# First Attempt at a 'detail'



## michael3011 (Nov 27, 2011)

So it was my first attempt at detailing...I had all the gear and no idea 
I was armed with about 10 hours on detailing world trawling through all the posts and ideas people have...
It is 5:44 and I am sat with a brew and a wheat pack on my back...and I am only 23!
Started at 10am... including unloading all the goodies from my car!

At 10am the car looked like this:





























I then uploaded all of the stuff out of my car and into the house to warm up (it was ~2degrees at this point! - and raining)


----------



## michael3011 (Nov 27, 2011)

I then went on to take photos of the equipment of choice


----------



## michael3011 (Nov 27, 2011)

And of course.....


----------



## shaunwistow (May 13, 2011)

Did you get it done? See you at the Malthouse tomorrow!!!


----------



## michael3011 (Nov 27, 2011)

Which left the paintwork looking like this:


----------



## svended (Oct 7, 2011)

Damned rain. Good luck with your first detail and welcome to DW, your wallet is going to be taking a hell of a beating over the coming years.


----------



## Trip tdi (Sep 3, 2008)

Goodluck with this one, i would be seriously watching out for this thread, i like honda civics specially in that colour, great car to have for a 23 year old, welldone buddie.

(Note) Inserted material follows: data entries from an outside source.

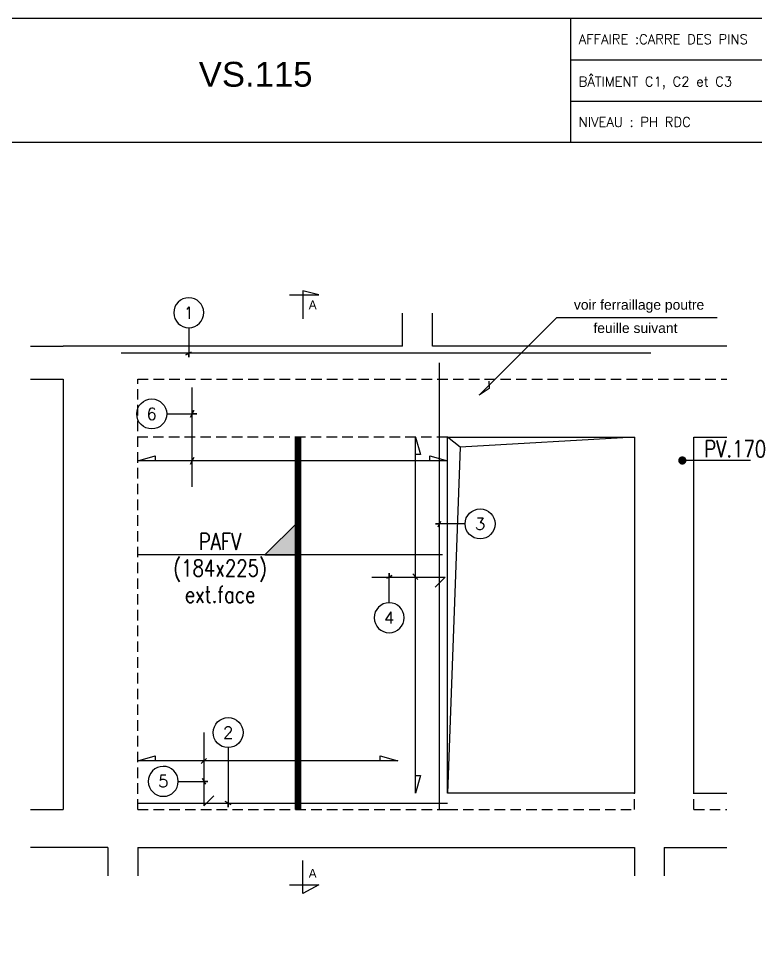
# Model space of a CAD drawing. Header units: metres. Extents: x -5618 to 118954, y -306 to 4637.
# Drawn here: x 27152 to 27598, y 1014 to 1574 of the extents above; entities that cross this region are included whole.
import ezdxf
from ezdxf.enums import TextEntityAlignment as Align

# ---------------------------------------------------------------- set-up
doc = ezdxf.new("R2010")
doc.units = ezdxf.units.M
doc.linetypes.add('CACHE', pattern=[9.524999999999999, 6.35, -3.175])
for name, color, linetype in [('COTATION', 1, 'Continuous'), ('GO-FER-HA', 140, 'Continuous'), ('GO-TEXTE', 9, 'Continuous'), ('STR_TS', 22, 'Continuous'), ('STR_TS_TXT', 7, 'Continuous'), ('STR_VOI-POT', 6, 'Continuous')]:
    doc.layers.add(name, color=color, linetype=linetype)
doc.layers.add('Kofragna_forma', color=7, linetype='Continuous', lineweight=70)
doc.styles.add('ARIAL', font='ARIAL.TTF')
doc.styles.add('Lucida', font='LSANSI.TTF')
doc.styles.add('schéma', font='simplex.shx')
doc.styles.add('TEXTE', font='romans.shx')
doc.styles.add('TEXTE TS', font='romans.shx', dxfattribs={"width": 0.7, "oblique": 15})

# ---------------------------------------------------------------- blocks, each defined once
blk = doc.blocks.new('ime')
at = {"layer": 'COTATION', "const_width": 2.5}
blk.add_lwpolyline([(1.25, 0, -1), (-1.25, 0, -1)], format="xyb", close=True, dxfattribs=at)
at = {"layer": 'COTATION'}
blk.add_lwpolyline([(41.09158464876236, 0), (0, 0)], dxfattribs=at)
at = {"layer": 'COTATION', "color": 7, "style": 'TEXTE TS', "width": 0.8}
blk.add_attdef('NAME', (9.079526555316988, 2), '', height=10, dxfattribs=at)
blk = doc.blocks.new('mrega')
at = {"layer": 'STR_TS_TXT', "style": 'TEXTE TS', "width": 0.8}
for tag, p in [('ST10', (14.47619047619082, 0)), ('DIM', (14.47619047619082, -16)), ('NOTE', (14.47619047619082, -32))]:
    blk.add_attdef(tag, text='', height=10, dxfattribs=at).set_placement(p, align=Align.CENTER)
blk = doc.blocks.new('A$C6F247267')
blk.add_hatch(color=256).paths.add_polyline_path([(5.684341886080801e-14, -0.1999999999999886), (-0.1999999999999886, 0), (5.684341886080801e-14, 0)])
blk.add_lwpolyline([(-0.1999999999999886, 0), (5.684341886080801e-14, 0), (5.684341886080801e-14, -0.1999999999999886), (-0.1999999999999886, 0)])

msp = doc.modelspace()

# ---------------------------------------------------------------- linework, layer by layer
for p, q in [((27485.6959778349, 1573.712024445221), (27485.6959778349, 1498.770781202283)), ((27485.69597783514, 1548.714524444933), (27648.6659351606, 1548.714524444933)), ((27485.69597783514, 1523.717024444993), (27648.6659351606, 1523.717024444993))]:
    msp.add_line(p, q)
msp.add_lwpolyline([(26903.6131860891, 1573.712024445221), (26903.6131860891, 913.7780244450963), (27853.51818608889, 913.7780244450963), (27853.51818608889, 1573.712024445221)], close=True)
msp.add_lwpolyline([(27853.51818608889, 1498.770781202283), (26903.6131860891, 1498.770781202283)])
at = {"layer": 'COTATION'}
for p, q in [((27393.42971736613, 1234.798405940991, 375.3763588509339), (27390.47902365281, 1238.153522994119, 375.3763588509339)), ((27265.94052782525, 1126.639431005259, 281.5322691382004), (27262.58541077212, 1123.688737291933, 281.5322691382004))]:
    msp.add_line(p, q, dxfattribs=at)
for points, elevation in [([(27392.17290997011, 1116.347798573056), (27395.17290369985, 1116.347798573056), (27392.17290997011, 1105.790150615968), (27392.1729099701, 1320.787650615915), (27395.17290369984, 1310.230002658856), (27392.1729099701, 1310.230002658856)], 281.5322691382004), ([(27400.80524850488, 1306.433385650746), (27400.80524850488, 1309.43337938049), (27411.36289646194, 1306.433385650746), (27224.31407611544, 1306.433385650747), (27234.87172407253, 1309.433379380494), (27234.87172407253, 1306.433385650747)], 187.6881794254678), ([(27258.1657971229, 1308.554705994301), (27255.92315643578, 1304.312065307185)], 187.6881794254678), ([(27370.80524850485, 1125.164084148599), (27370.80524850485, 1128.164077878339), (27381.36289646194, 1125.164084148599), (27224.31407611544, 1125.164084148592), (27234.8717240725, 1128.164077878332), (27234.8717240725, 1125.164084148592)], 187.688179425467)]:
    msp.add_lwpolyline(points, dxfattribs=dict(at, elevation=elevation))
at = {"layer": 'GO-FER-HA'}
for points, elevation in [([(27255.20900403125, 1386.907220923094, 512.322006256741), (27255.13829335313, 1386.906944882062), (27255.13829335313, 1369.039480505986), (27255.13829335313, 1371.439480505893), (27253.44123707827, 1370.542424231195), (27256.835349628, 1372.336536780882)], 187.688179425467), ([(27422.08441524297, 1268.444774102531, -512.322006256741), (27422.08413920194, 1268.374063424412), (27404.21667482586, 1268.37406342441), (27406.61667482577, 1268.37406342441), (27405.71961855107, 1266.677007149548), (27407.51373110076, 1270.071119699272)], 281.5322691382004), ([(27376.14267754329, 1220.759726546132, 512.322006256741), (27376.21338822141, 1220.760002587164), (27376.21338822141, 1238.62746696324), (27376.21338822141, 1236.227466963333), (27377.91044449627, 1237.124523238031), (27374.51633194655, 1235.330410688345)], 375.3763588509339), ([(27278.84052346187, 1133.236537621561, -512.322006256741), (27278.91123413999, 1133.236261580529), (27278.91123413999, 1097.313795000078), (27278.91123413999, 1099.713794999985), (27280.60829041485, 1098.816738725287), (27277.21417786513, 1100.610851274973)], 187.6881794254669), ([(27248.79522888163, 1112.908070688677, 512.322006256741), (27248.79550492266, 1112.837360010559), (27266.66296929874, 1112.837360010556), (27264.26296929883, 1112.837360010556), (27265.16002557353, 1111.140303735695), (27263.36591302384, 1114.534416285418)], 281.5322691382004)]:
    msp.add_lwpolyline(points, format="xyb", dxfattribs=dict(at, elevation=elevation))
at = {"layer": 'GO-FER-HA', "elevation": 187.6881794254678}
msp.add_lwpolyline([(27241.80106169772, 1334.797619314329), (27260.04445253761, 1334.797619314329), (27257.04445253761, 1334.797619314329), (27258.16577288116, 1336.918939657884), (27255.92313219404, 1332.676298970767)], dxfattribs=at)
at = {"layer": 'GO-FER-HA'}
msp.add_circle((27232.74429906285, 1334.797619314329, 187.6881794254678), 9.05676263485475, dxfattribs=at)
at = {"layer": 'GO-TEXTE', "flags": 128}
for points, elevation in [([(27316.0424405438, 1406.861932815576), (27333.69018015064, 1406.855814411228), (27324.01396214583, 1409.139225331019), (27324.00705544629, 1392.21775102364)], 187.6881794254669), ([(27316.01876261431, 1050.282443653614), (27333.66650328165, 1050.282443653614), (27323.98845412008, 1045.002387759214), (27323.98845412008, 1064.923863263855)], 187.688179425467)]:
    msp.add_lwpolyline(points, dxfattribs=dict(at, elevation=elevation))
at = {"layer": 'GO-TEXTE', "color": 2}
msp.add_lwpolyline([(27436.50838740392, 1354.603139369926), (27436.65136401105, 1350.14298095096), (27430.64583993025, 1346.218800618891), (27477.52717208409, 1393.100132772724), (27574.29613419241, 1393.100132772724)], dxfattribs=at)
at = {"layer": 'Kofragna_forma', "color": 4, "lineweight": -3}
for p, q in [((27384.26539646187, 1375.792650616048, 187.688179425467), (27384.26539646188, 1395.792650616048, 187.688179425467)), ((27402.36289646194, 1375.792650616049, 187.688179425467), (27402.36289646194, 1395.792650616049, 187.688179425467)), ((27159.52089249788, 1375.792650616048, 187.688179425467), (27179.31407611544, 1375.792650616048, 187.688179425467)), ((27384.26539646187, 1375.792650616048, 187.688179425467), (27179.31407611544, 1375.792650616048, 187.688179425467)), ((27580.15608007951, 1375.792650616051, 187.688179425467), (27402.36289646194, 1375.792650616049, 187.688179425467)), ((27159.52089249788, 1355.790150615967, 187.688179425467), (27179.31407611544, 1355.790150615967, 187.688179425467)), ((27179.31407611543, 1355.790150615967, 187.688179425467), (27179.31407611544, 1156.790150615969, 187.688179425467)), ((27560.36289646195, 1320.790150615969, 187.688179425467), (27580.15608007951, 1320.790150615969, 187.688179425467)), ((27560.36289646194, 1105.790150615969, 187.6881794254669), (27560.36289646194, 1320.790150615968, 187.6881794254669)), ((27179.31291941299, 1156.790150615969, 187.688179425467), (27179.31291941298, 1095.790150615968, 187.688179425467)), ((27560.36289646194, 1105.790150615969, 187.688179425467), (27580.1560800795, 1105.790150615969, 187.688179425467)), ((27159.52089249786, 1095.790150615968, 187.688179425467), (27179.31291941298, 1095.790150615968, 187.688179425467)), ((27206.31291941298, 1072.790150615969, 187.688179425467), (27159.52089249786, 1072.790150615969, 187.688179425467)), ((27206.31291941298, 1072.790150615969, 187.688179425467), (27206.31291941298, 1055.790150615969, 187.688179425467)), ((27224.31291941298, 1072.790150615969, 187.688179425467), (27524.36289646194, 1072.790150615971, 187.688179425467)), ((27224.31291941298, 1072.790150615969, 187.688179425467), (27224.31291941298, 1055.790150615969, 187.688179425467)), ((27524.36289646194, 1072.790150615971, 187.688179425467), (27524.36289646194, 1055.790150615971, 187.688179425467)), ((27542.36289646194, 1072.790150615971, 187.688179425467), (27542.36289646194, 1055.790150615971, 187.688179425467)), ((27542.36289646194, 1072.790150615971, 187.688179425467), (27580.1560800795, 1072.790150615971, 187.688179425467))]:
    msp.add_line(p, q, dxfattribs=at)
at = {"layer": 'Kofragna_forma', "linetype": 'CACHE', "lineweight": -3}
for p, q in [((27224.31407611544, 1095.790150615969, 187.688179425467), (27224.31407611544, 1355.790150615968, 187.688179425467)), ((27224.31407611544, 1355.790150615968, 187.688179425467), (27580.15608007951, 1355.790150615968, 187.688179425467)), ((27411.36289646194, 1320.790150615968, 93.84408971273348), (27224.31407611544, 1320.790150615976, 187.6881794254678)), ((27524.36289646194, 1095.790150615968, 187.688179425467), (27524.36289646194, 1105.790150615969, 187.688179425467)), ((27560.36289646194, 1095.79015061597, 187.688179425467), (27560.36289646194, 1105.790150615969, 187.6881794254669)), ((27224.31407611544, 1095.790150615969, 187.688179425467), (27411.36289646194, 1095.790150615968, 187.688179425467)), ((27411.36289646194, 1095.790150615968, 187.688179425467), (27524.36289646194, 1095.790150615968, 187.688179425467)), ((27560.36289646194, 1095.79015061597, 187.688179425467), (27580.1560800795, 1095.79015061597, 187.688179425467))]:
    msp.add_line(p, q, dxfattribs=at)
at = {"layer": 'Kofragna_forma', "color": 4, "lineweight": -3}
for points, elevation in [([(27411.36289646194, 1320.790150615968), (27524.36289646194, 1320.790150615969), (27524.36289646194, 1105.790150615969), (27411.36289646194, 1105.790150615968), (27411.36289646194, 1320.790150615968)], 187.688179425467), ([(27524.36289646194, 1320.790150615969), (27419.0098794856, 1314.677400782269), (27411.36289646194, 1105.790150615968)], 187.688179425467), ([(27419.0098794856, 1314.677400782269), (27411.36289646194, 1320.790150615968)], 93.84408971273348)]:
    msp.add_lwpolyline(points, dxfattribs=dict(at, elevation=elevation))
at = {"layer": 'STR_TS', "linetype": 'CACHE', "ltscale": 2, "const_width": 4, "elevation": 187.688179425467}
msp.add_lwpolyline([(27321.12466159599, 1095.787650615859), (27321.12466159599, 1320.795159697296)], dxfattribs=at)
at = {"layer": 'STR_TS', "color": 3, "elevation": 187.688179425467}
msp.add_lwpolyline([(27408.36289646194, 1249.63854828806), (27224.31407611544, 1249.638548288061)], dxfattribs=at)
at = {"layer": 'STR_VOI-POT'}
for p, q in [((27534.36289646194, 1371.439480505893, 187.6881794254669), (27214.31407611544, 1371.439480505893, 187.688179425467)), ((27406.61667482579, 1095.787650615887, 281.5322691382004), (27406.61667482577, 1365.790150615968, 281.5322691382004)), ((27257.04446002131, 1350.790111360565, 187.6881794254678), (27257.04448163123, 1290.790189871386, 187.6881794254678)), ((27224.31407611544, 1099.713794999985, 187.6881794254669), (27411.36289646194, 1099.713794999984, 187.6881794254669))]:
    msp.add_line(p, q, dxfattribs=at)
for points, elevation in [([(27365.6902063989, 1236.227466963333), (27410.01730610584, 1236.227466963333), (27404.03541742719, 1230.245578284681)], 375.3763588509339), ([(27264.26296929868, 1142.334671706859), (27264.26296929868, 1098.007571999911), (27270.24485797734, 1103.989460678571)], 281.5322691382004)]:
    msp.add_lwpolyline(points, dxfattribs=dict(at, elevation=elevation))

# ---------------------------------------------------------------- block references
at = {"layer": 'COTATION'}
ref = msp.add_blockref('ime', (27553.32634985156, 1306.691800314405, 187.688179425467), dxfattribs=at)
ref.add_attrib('NAME', 'PV.170', (27566.59635259735, 1308.691800314405, 187.688179425467), dxfattribs={"color": 7, "height": 10, "style": 'TEXTE TS', "width": 0.8})
at = {"layer": 'STR_TS', "xscale": -100, "yscale": 100, "zscale": 100, "rotation": 180}
msp.add_blockref('A$C6F247267', (27321.12466159598, 1249.63854828806, 187.688179425467), dxfattribs=at)
at = {"layer": 'STR_TS_TXT'}
ref = msp.add_blockref('mrega', (27288.54873268371, 1252.694521695626, 281.5322691381999), dxfattribs=dict(at, xscale=-1))
ref.add_attrib('NOTE', 'ext.face', dxfattribs={"height": 10, "style": 'TEXTE TS', "width": 0.8}).set_placement((27274.07254220753, 1220.694521695626, 281.5322691381999), align=Align.CENTER)
ref.add_attrib('ST10', 'PAFV', dxfattribs={"height": 10, "style": 'TEXTE TS', "width": 0.8}).set_placement((27274.07254220753, 1252.694521695626, 281.5322691381999), align=Align.CENTER)
ref.add_attrib('DIM', '(184x225)', dxfattribs={"height": 10, "style": 'TEXTE TS', "width": 0.8}).set_placement((27274.07254220753, 1236.694521695626, 281.5322691381999), align=Align.CENTER)

# ---------------------------------------------------------------- texts
for s, height, style, p in [('AFFAIRE :CARRE DES PINS', 5.832750000000001, 'schéma', (27490.69547783529, 1558.296899445047)), ('VS.115', 15, 'ARIAL', (27261.16933927749, 1532.540349482967)), ('BÂTIMENT C1, C2 et C3', 5.832750000000001, 'schéma', (27490.69547783552, 1532.743899415405)), ('NIVEAU : PH RDC', 5.832750000000001, 'schéma', (27490.69547783506, 1508.301899474854))]:
    msp.add_text(s, height=height, dxfattribs=dict(style=style)).set_placement(p)
at = {"layer": 'GO-FER-HA', "style": 'TEXTE'}
for s, p in [('1', (27255.13829335311, 1395.963707516916, 281.6881794254671)), ('6', (27232.74429906285, 1334.797619314329, 187.6881794254678)), ('4', (27376.21338822143, 1211.703239952426, 469.376358850934)), ('5', (27239.73874228781, 1112.907804177094, 375.5322691382005))]:
    msp.add_text(s, height=7.199999999999999, dxfattribs=at).set_placement(p, align=Align.MIDDLE_CENTER)
for s, p in [('3', (27431.14090183679, 1268.374063424392, 375.5322691382005)), ('2', (27278.91123414001, 1142.293024215266, 281.6881794254671))]:
    msp.add_text(s, height=7.199999999999999, rotation=359.9999999999479, dxfattribs=at).set_placement(p, align=Align.MIDDLE_CENTER)
at = {"layer": 'GO-TEXTE', "linetype": 'Continuous', "style": 'Lucida'}
for rotation, p in [(359.9819333185179, (27327.62422956156, 1398.065157087141, 187.6881794254669)), (0.001797547041295644, (27327.60360074459, 1054.552732599139, 187.688179425467))]:
    msp.add_text('A', height=5.319999999999999, rotation=rotation, dxfattribs=at).set_placement(p)
at = {"layer": 'GO-TEXTE', "lineweight": -3, "style": 'ARIAL'}
for s, p in [('voir ferraillage poutre', (27487.82373098858, 1397.795551248109)), ('feuille suivant', (27499.59131775514, 1383.716212153125))]:
    msp.add_text(s, height=6, dxfattribs=at).set_placement(p)

doc.saveas('drawing.dxf')

Is it 1.8 vtec then, or 2.2 diesel version.


----------



## Niki (Dec 6, 2011)

Very nice,please explane in details what products You use :buffer:

Its my future work to do for first time-just bying products now

And the wallet


----------



## michael3011 (Nov 27, 2011)

Then onto claying - the first time ever - for me and the car from the looks of the clay and this left the paintwork lovely to touch!


----------



## Derekh929 (Aug 28, 2011)

How are you getting on and are you enjoying it?


----------



## michael3011 (Nov 27, 2011)

And achieved this with the DA


----------



## shaunwistow (May 13, 2011)

Looking good for the Malthouse now!!


----------



## Trip tdi (Sep 3, 2008)

Thats looking good, the great thing about honda's is they have soft paint....


----------



## DMH-01 (Mar 29, 2011)

Looking good there mate.


----------



## michael3011 (Nov 27, 2011)

shaunwistow said:


> Did you get it done? See you at the Malthouse tomorrow!!!





shaunwistow said:


> Looking good for the Malthouse now!!


I have polished 1/3rd of the car - the drivers side door, the front drivers panel and the bonnet - on with the rest tomorrow...so not at the moment matey...and the weathers gonna be rubbish...100% for the next one 



svended said:


> Damned rain. Good luck with your first detail and welcome to DW, your wallet is going to be taking a hell of a beating over the coming years.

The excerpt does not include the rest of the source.